Highlights & Insights¶
- Structured Divergence-free Parameterization over PINN: Rather than using PDEs as soft constraints, physical laws are "hardcoded" directly into the parameterized form of the velocity field—this represents an elegant design paradigm. A similar structured encoding approach can be attempted for any known physical invariance.
- Emergent Semantics of Physics Codes: The physics codes spontaneously cluster motion patterns in unsupervised training and can be directly used for motion segmentation—this indicates that 3D velocity field learning can be used for perception in addition to prediction. It can serve as an emergent representation for downstream tasks (e.g., robotic manipulation, scene understanding).
- Design Philosophy of Multiplicative Decomposition: The design of \(f_{neck}(\mathbf{z}) \cdot f_{weight}(t)\) explicitly decouples physics from temporal dynamics—the code explains "what motion to perform," while the temporal weight controls "when to start/stop." This underlying physical modeling approach is elegant and concise.
Limitations & Future Work¶
- Assuming each Gaussian is a rigid particle—which may not be accurate enough for highly deformable objects (e.g., cloth, fluids).
- The divergence-free assumption of the velocity field is inapplicable to scenes with mass sources/sinks (e.g., smoke dissipation, object appearance/disappearance).
- Training requires multi-view videos; monocular video scenes are not covered.
- The GoPro dataset has only 6 scenes; the scale of real-world data validation is relatively small.
- Improvements: extend to non-rigid motion (introducing strain fields or compressible velocity fields); combine with diffusion models for conditional future generation; apply physics codes to downstream robot planning.
Related Work & Insights¶
- vs NVFi: NVFi also learns velocity fields but relies on PINN losses, showing poor performance in boundary regions. FreeGave completely bypasses PINN through structured parameterization, significantly outperforming it on all datasets.

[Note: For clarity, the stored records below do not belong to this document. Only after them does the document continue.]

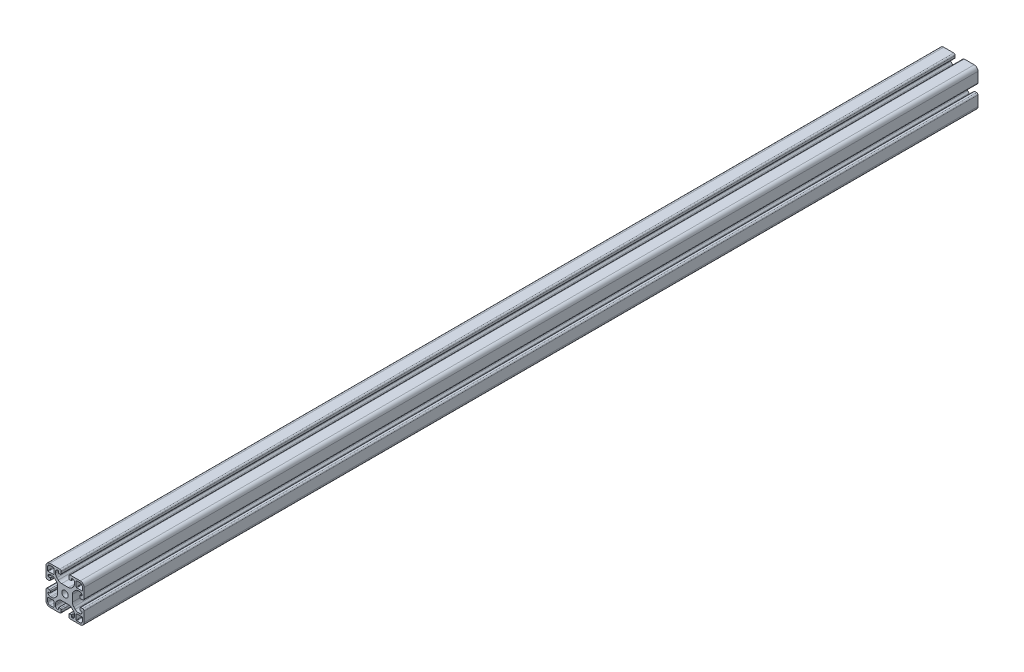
from build123d import *

# Parameters (mm, degrees)
SKETCH1_R           = 3.4
BOSS_EXTRUDE1_DEPTH = 470


with BuildPart() as part:
    # Sketch1 → Boss-Extrude1 (new, symmetric)
    with BuildSketch(Plane(origin=(0, 0, 0), x_dir=(-1, 0, 0), z_dir=(0, 0, -1))):
        with BuildLine():
            Line((-36.5, 16), (-38.5, 16))
            ThreePointArc((-38.5, 16), (-39.560660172, 15.560660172), (-40, 14.5))
            Line((-40, 14.5), (-40, 4))
            ThreePointArc((-40, 4), (-38.828427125, 1.171572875), (-36, 0))
            Line((-36, 0), (-25.5, 0))
            ThreePointArc((-25.5, 0), (-24.439339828, 0.439339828), (-24, 1.5))
            Line((-24, 1.5), (-24, 3.5))
            ThreePointArc((-24, 3.5), (-24.292893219, 4.207106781), (-25, 4.5))
            Line((-25, 4.5), (-26.5, 4.5))
            ThreePointArc((-26.5, 4.5), (-26.853553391, 4.353553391), (-27, 4))
            Line((-27, 4), (-27, 2.5))
            ThreePointArc((-27, 2.5), (-27.146446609, 2.146446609), (-27.5, 2))
            ThreePointArc((-27.5, 2), (-29.267766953, 2.732233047), (-30, 4.5))
            Line((-30, 4.5), (-30, 5.807611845))
            ThreePointArc((-30, 5.807611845), (-29.619397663, 7.721029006), (-28.535533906, 9.343145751))
            Line((-28.535533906, 9.343145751), (-27.09314575, 10.785533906))
            ThreePointArc((-27.09314575, 10.785533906), (-25.471029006, 11.869397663), (-23.557611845, 12.25))
            Line((-23.557611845, 12.25), (-16.442388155, 12.25))
            ThreePointArc((-16.442388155, 12.25), (-14.528970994, 11.869397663), (-12.90685425, 10.785533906))
            Line((-12.90685425, 10.785533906), (-11.464466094, 9.343145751))
            ThreePointArc((-11.464466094, 9.343145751), (-10.380602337, 7.721029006), (-10, 5.807611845))
            Line((-10, 5.807611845), (-10, 4.5))
            ThreePointArc((-10, 4.5), (-10.732233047, 2.732233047), (-12.5, 2))
            ThreePointArc((-12.5, 2), (-12.853553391, 2.146446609), (-13, 2.5))
            Line((-13, 2.5), (-13, 4))
            ThreePointArc((-13, 4), (-13.146446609, 4.353553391), (-13.5, 4.5))
            Line((-13.5, 4.5), (-15, 4.5))
            ThreePointArc((-15, 4.5), (-15.707106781, 4.207106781), (-16, 3.5))
            Line((-16, 3.5), (-16, 1.5))
            ThreePointArc((-16, 1.5), (-15.560660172, 0.439339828), (-14.5, 0))
            Line((-14.5, 0), (-4, 0))
            ThreePointArc((-4, 0), (-1.171572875, 1.171572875), (0, 4))
            Line((0, 4), (0, 14.5))
            ThreePointArc((0, 14.5), (-0.439339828, 15.560660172), (-1.5, 16))
            Line((-1.5, 16), (-3.5, 16))
            ThreePointArc((-3.5, 16), (-4.207106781, 15.707106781), (-4.5, 15))
            Line((-4.5, 15), (-4.5, 13.5))
            ThreePointArc((-4.5, 13.5), (-4.353553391, 13.146446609), (-4, 13))
            Line((-4, 13), (-2.5, 13))
            ThreePointArc((-2.5, 13), (-2.146446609, 12.853553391), (-2, 12.5))
            ThreePointArc((-2, 12.5), (-2.732233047, 10.732233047), (-4.5, 10))
            Line((-4.5, 10), (-5.807611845, 10))
            ThreePointArc((-5.807611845, 10), (-7.721029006, 10.380602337), (-9.343145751, 11.464466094))
            Line((-9.343145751, 11.464466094), (-10.785533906, 12.906854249))
            ThreePointArc((-10.785533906, 12.906854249), (-11.869397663, 14.528970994), (-12.25, 16.442388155))
            Line((-12.25, 16.442388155), (-12.25, 23.557611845))
            ThreePointArc((-12.25, 23.557611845), (-11.869397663, 25.471029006), (-10.785533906, 27.093145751))
            Line((-10.785533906, 27.093145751), (-9.343145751, 28.535533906))
            ThreePointArc((-9.343145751, 28.535533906), (-7.721029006, 29.619397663), (-5.807611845, 30))
            Line((-5.807611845, 30), (-4.5, 30))
            ThreePointArc((-4.5, 30), (-2.732233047, 29.267766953), (-2, 27.5))
            ThreePointArc((-2, 27.5), (-2.146446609, 27.146446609), (-2.5, 27))
            Line((-2.5, 27), (-4, 27))
            ThreePointArc((-4, 27), (-4.353553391, 26.853553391), (-4.5, 26.5))
            Line((-4.5, 26.5), (-4.5, 25))
            ThreePointArc((-4.5, 25), (-4.207106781, 24.292893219), (-3.5, 24))
            Line((-3.5, 24), (-1.5, 24))
            ThreePointArc((-1.5, 24), (-0.439339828, 24.439339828), (0, 25.5))
            Line((0, 25.5), (0, 36))
            ThreePointArc((0, 36), (-1.171572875, 38.828427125), (-4, 40))
            Line((-4, 40), (-14.5, 40))
            ThreePointArc((-14.5, 40), (-15.560660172, 39.560660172), (-16, 38.5))
            Line((-16, 38.5), (-16, 36.5))
            ThreePointArc((-16, 36.5), (-15.707106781, 35.792893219), (-15, 35.5))
            Line((-15, 35.5), (-13.5, 35.5))
            ThreePointArc((-13.5, 35.5), (-13.146446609, 35.646446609), (-13, 36))
            Line((-13, 36), (-13, 37.5))
            ThreePointArc((-13, 37.5), (-12.853553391, 37.853553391), (-12.5, 38))
            ThreePointArc((-12.5, 38), (-10.732233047, 37.267766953), (-10, 35.5))
            Line((-10, 35.5), (-10, 34.192388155))
            ThreePointArc((-10, 34.192388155), (-10.380602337, 32.278970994), (-11.464466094, 30.656854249))
            Line((-11.464466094, 30.656854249), (-12.90685425, 29.214466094))
            ThreePointArc((-12.90685425, 29.214466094), (-14.528970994, 28.130602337), (-16.442388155, 27.75))
            Line((-16.442388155, 27.75), (-23.557611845, 27.75))
            ThreePointArc((-23.557611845, 27.75), (-25.471029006, 28.130602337), (-27.09314575, 29.214466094))
            Line((-27.09314575, 29.214466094), (-28.535533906, 30.656854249))
            ThreePointArc((-28.535533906, 30.656854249), (-29.619397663, 32.278970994), (-30, 34.192388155))
            Line((-30, 34.192388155), (-30, 35.5))
            ThreePointArc((-30, 35.5), (-29.267766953, 37.267766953), (-27.5, 38))
            ThreePointArc((-27.5, 38), (-27.146446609, 37.853553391), (-27, 37.5))
            Line((-27, 37.5), (-27, 36))
            ThreePointArc((-27, 36), (-26.853553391, 35.646446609), (-26.5, 35.5))
            Line((-26.5, 35.5), (-25, 35.5))
            ThreePointArc((-25, 35.5), (-24.292893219, 35.792893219), (-24, 36.5))
            Line((-24, 36.5), (-24, 38.5))
            ThreePointArc((-24, 38.5), (-24.439339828, 39.560660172), (-25.5, 40))
            Line((-25.5, 40), (-36, 40))
            ThreePointArc((-36, 40), (-38.828427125, 38.828427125), (-40, 36))
            Line((-40, 36), (-40, 25.5))
            ThreePointArc((-40, 25.5), (-39.560660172, 24.439339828), (-38.5, 24))
            Line((-38.5, 24), (-36.5, 24))
            ThreePointArc((-36.5, 24), (-35.792893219, 24.292893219), (-35.5, 25))
            Line((-35.5, 25), (-35.5, 26.5))
            ThreePointArc((-35.5, 26.5), (-35.646446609, 26.853553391), (-36, 27))
            Line((-36, 27), (-37.5, 27))
            ThreePointArc((-37.5, 27), (-37.853553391, 27.146446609), (-38, 27.5))
            ThreePointArc((-38, 27.5), (-37.267766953, 29.267766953), (-35.5, 30))
            Line((-35.5, 30), (-34.192388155, 30))
            ThreePointArc((-34.192388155, 30), (-32.278970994, 29.619397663), (-30.656854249, 28.535533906))
            Line((-30.656854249, 28.535533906), (-29.214466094, 27.093145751))
            ThreePointArc((-29.214466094, 27.093145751), (-28.130602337, 25.471029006), (-27.75, 23.557611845))
            Line((-27.75, 23.557611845), (-27.75, 16.442388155))
            ThreePointArc((-27.75, 16.442388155), (-28.130602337, 14.528970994), (-29.214466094, 12.906854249))
            Line((-29.214466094, 12.906854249), (-30.656854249, 11.464466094))
            ThreePointArc((-30.656854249, 11.464466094), (-32.278970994, 10.380602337), (-34.192388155, 10))
            Line((-34.192388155, 10), (-35.5, 10))
            ThreePointArc((-35.5, 10), (-37.267766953, 10.732233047), (-38, 12.5))
            ThreePointArc((-38, 12.5), (-37.853553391, 12.853553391), (-37.5, 13))
            Line((-37.5, 13), (-36, 13))
            ThreePointArc((-36, 13), (-35.646446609, 13.146446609), (-35.5, 13.5))
            Line((-35.5, 13.5), (-35.5, 15))
            ThreePointArc((-35.5, 15), (-35.792893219, 15.707106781), (-36.5, 16))
        make_face()
        with Locations((-20, 20)):
            Circle(SKETCH1_R, mode=Mode.SUBTRACT)
        with BuildLine():
            Line((-36, 38.2), (-32.3, 38.2))
            ThreePointArc((-32.3, 38.2), (-31.946446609, 38.053553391), (-31.8, 37.7))
            Line((-31.8, 37.7), (-31.8, 32.3))
            ThreePointArc((-31.8, 32.3), (-31.946446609, 31.946446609), (-32.3, 31.8))
            Line((-32.3, 31.8), (-37.7, 31.8))
            ThreePointArc((-37.7, 31.8), (-38.053553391, 31.946446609), (-38.2, 32.3))
            Line((-38.2, 32.3), (-38.2, 36))
            ThreePointArc((-38.2, 36), (-37.555634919, 37.555634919), (-36, 38.2))
        make_face(mode=Mode.SUBTRACT)
        with BuildLine():
            Line((-32.3, 1.8), (-36, 1.8))
            ThreePointArc((-36, 1.8), (-37.555634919, 2.444365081), (-38.2, 4))
            Line((-38.2, 4), (-38.2, 7.7))
            ThreePointArc((-38.2, 7.7), (-38.053553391, 8.053553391), (-37.7, 8.2))
            Line((-37.7, 8.2), (-32.3, 8.2))
            ThreePointArc((-32.3, 8.2), (-31.946446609, 8.053553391), (-31.8, 7.7))
            Line((-31.8, 7.7), (-31.8, 2.3))
            ThreePointArc((-31.8, 2.3), (-31.946446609, 1.946446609), (-32.3, 1.8))
        make_face(mode=Mode.SUBTRACT)
        with BuildLine():
            Line((-4, 1.8), (-7.7, 1.8))
            ThreePointArc((-7.7, 1.8), (-8.053553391, 1.946446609), (-8.2, 2.3))
            Line((-8.2, 2.3), (-8.2, 7.7))
            ThreePointArc((-8.2, 7.7), (-8.053553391, 8.053553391), (-7.7, 8.2))
            Line((-7.7, 8.2), (-2.3, 8.2))
            ThreePointArc((-2.3, 8.2), (-1.946446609, 8.053553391), (-1.8, 7.7))
            Line((-1.8, 7.7), (-1.8, 4))
            ThreePointArc((-1.8, 4), (-2.444365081, 2.444365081), (-4, 1.8))
        make_face(mode=Mode.SUBTRACT)
        with BuildLine():
            Line((-7.7, 38.2), (-4, 38.2))
            ThreePointArc((-4, 38.2), (-2.444365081, 37.555634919), (-1.8, 36))
            Line((-1.8, 36), (-1.8, 32.3))
            ThreePointArc((-1.8, 32.3), (-1.946446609, 31.946446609), (-2.3, 31.8))
            Line((-2.3, 31.8), (-7.7, 31.8))
            ThreePointArc((-7.7, 31.8), (-8.053553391, 31.946446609), (-8.2, 32.3))
            Line((-8.2, 32.3), (-8.2, 37.7))
            ThreePointArc((-8.2, 37.7), (-8.053553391, 38.053553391), (-7.7, 38.2))
        make_face(mode=Mode.SUBTRACT)
    extrude(amount=BOSS_EXTRUDE1_DEPTH, both=True)


solid = part.part

- vs Deformable 3DGS (DefGS): DefGS learns deformation fields but not physics, resulting in poor extrapolation performance. FreeGave combines an auxiliary deformation field and a velocity field, possessing both fitting and prediction capabilities.
- vs PhysGaussian/PAC-NeRF: These methods require explicit physical models and object mask/type priors, which limits their generality. FreeGave does not require any priors, making it more suitable for complex real-world scenes.
Rating¶
- Novelty: ⭐⭐⭐⭐⭐ The physics code + divergence-free velocity field parameterization is a brand-new design that is both theoretically elegant and practical.
- Experimental Thoroughness: ⭐⭐⭐⭐ Sufficient evaluation across 4 datasets + ablation study, but the scale of the real-world dataset is relatively small.
- Writing Quality: ⭐⭐⭐⭐ Clear and rigorous technical descriptions, though the heavy use of mathematical notation might slightly affect readability.
- Value: ⭐⭐⭐⭐⭐ Opens up a new paradigm for 3D physics learning; the emergent semantics of the physics code have broad value for downstream tasks.